Task:
Reproduce all the entries exactly and keep the pictures out.

Records:

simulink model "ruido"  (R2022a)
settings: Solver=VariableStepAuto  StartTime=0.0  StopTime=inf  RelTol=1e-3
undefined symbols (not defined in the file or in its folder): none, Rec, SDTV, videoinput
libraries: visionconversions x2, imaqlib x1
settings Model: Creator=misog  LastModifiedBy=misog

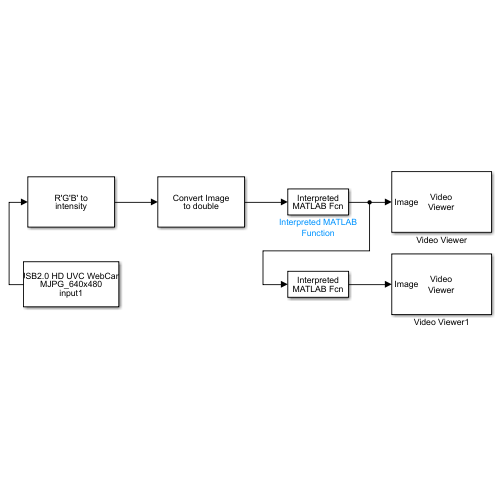
[thumbnail: Simulink's stored preview of the top-level diagram]
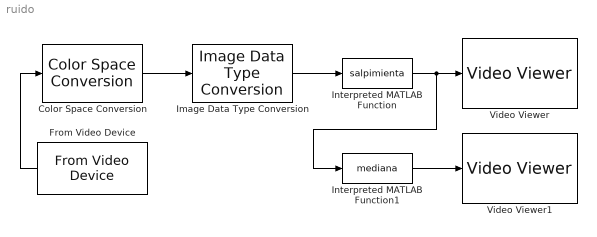
== system ruido ==
  Color Space Conversion : visionconversions/Color Space  Conversion  conversion=Obsolete  conversionActive=R'G'B' to intensity  wp_str=D65  rec=Rec. 601 (SDTV)  sys=1125/60/2:1  imagePorts=One multidimensional signal
  From Video Device : imaqlib/From Video Device  DeviceMenu=winvideo 1 (USB2.0 HD UVC WebCam)  Device=winvideo 1 (USB2.0 HD UVC WebCam)  ObjConstructor=videoinput('winvideo', 1)  VideoFormatMenu=MJPG_640x480  VideoFormat=MJPG_640x480  VideoSource=input1  ROIPosition=[0 0 480 640]  EnableHWTrigger=off  TriggerConfiguration=none/none  SampleTime=1/30  OutputPortsMode=One multidimensional signal  DataType=single  CanDoHWTrigger=no  ReturnedColorSpace=rgb  BlockHandle=4.0002  ROIWidth=640  ROIHeight=480  ROIColumn=0  ROIRow=0  EngXMLPath=C:\Program Files\MATLAB\R2022a\toolbox\imaq\imaq\private  DevXMLPath=C:\ProgramData\MATLAB\SupportPackages\R2022a\toolbox\imaq\supportpackages\genericvideo\adaptor\win64  EngLibPath=C:\Program Files\MATLAB\R2022a\toolbox\imaq\imaqblks\imaqmex\win64  ColorSpace=rgb  BayerSensorAlignment=grbg  ImaqMode=off
  Image Data Type Conversion : visionconversions/Image Data Type Conversion  outDT=double  isSigned=on  wordLen=16  numFracBits=0
      settings: SourceProductBaseCode=VP
  Interpreted MATLAB Function : MATLABFcn  MATLABFcn=salpimienta  Output1D=off
  Interpreted MATLAB Function1 : MATLABFcn  MATLABFcn=mediana  Output1D=off
  Video Viewer : VideoViewer  FigPos=[2 1077 958 969]
  Video Viewer1 : VideoViewer  FigPos=[962 1077 958 969]
  wires:
  From Video Device/1 -> Color Space Conversion/1
  Color Space Conversion/1 -> Image Data Type Conversion/1
  Image Data Type Conversion/1 -> Interpreted MATLAB Function/1
  Interpreted MATLAB Function/1 -> Interpreted MATLAB Function1/1, Video Viewer/1
  Interpreted MATLAB Function1/1 -> Video Viewer1/1

Finished exercise:
simulink model "ruido"  (R2022a)
settings: Solver=VariableStepAuto  StartTime=0.0  StopTime=inf  RelTol=1e-3
undefined symbols (not defined in the file or in its folder): none, Rec, SDTV, videoinput
libraries: visionconversions x2, imaqlib x1
settings Model: Creator=misog  LastModifiedBy=misog

[thumbnail: Simulink's stored preview of the top-level diagram]
== system ruido ==
  Color Space Conversion : visionconversions/Color Space  Conversion  conversion=Obsolete  conversionActive=R'G'B' to intensity  wp_str=D65  rec=Rec. 601 (SDTV)  sys=1125/60/2:1  imagePorts=One multidimensional signal
  From Video Device : imaqlib/From Video Device  DeviceMenu=winvideo 1 (USB2.0 HD UVC WebCam)  Device=winvideo 1 (USB2.0 HD UVC WebCam)  ObjConstructor=videoinput('winvideo', 1)  VideoFormatMenu=MJPG_640x480  VideoFormat=MJPG_640x480  VideoSource=input1  ROIPosition=[0 0 480 640]  EnableHWTrigger=off  TriggerConfiguration=none/none  SampleTime=1/30  OutputPortsMode=One multidimensional signal  DataType=single  CanDoHWTrigger=no  ReturnedColorSpace=rgb  BlockHandle=4.0002  ROIWidth=640  ROIHeight=480  ROIColumn=0  ROIRow=0  EngXMLPath=C:\Program Files\MATLAB\R2022a\toolbox\imaq\imaq\private  DevXMLPath=C:\ProgramData\MATLAB\SupportPackages\R2022a\toolbox\imaq\supportpackages\genericvideo\adaptor\win64  EngLibPath=C:\Program Files\MATLAB\R2022a\toolbox\imaq\imaqblks\imaqmex\win64  ColorSpace=rgb  BayerSensorAlignment=grbg  ImaqMode=off
  Image Data Type Conversion : visionconversions/Image Data Type Conversion  outDT=double  isSigned=on  wordLen=16  numFracBits=0
      settings: SourceProductBaseCode=VP
  Interpreted MATLAB Function : MATLABFcn  MATLABFcn=salpimienta  Output1D=off
  Interpreted MATLAB Function1 : MATLABFcn  MATLABFcn=mediana  Output1D=off
  Video Viewer : VideoViewer  FigPos=[2 1077 958 969]
  Video Viewer1 : VideoViewer  FigPos=[962 1077 958 969]
  wires:
  From Video Device/1 -> Color Space Conversion/1
  Color Space Conversion/1 -> Image Data Type Conversion/1
  Image Data Type Conversion/1 -> Interpreted MATLAB Function/1
  Interpreted MATLAB Function/1 -> Interpreted MATLAB Function1/1, Video Viewer/1
  Interpreted MATLAB Function1/1 -> Video Viewer1/1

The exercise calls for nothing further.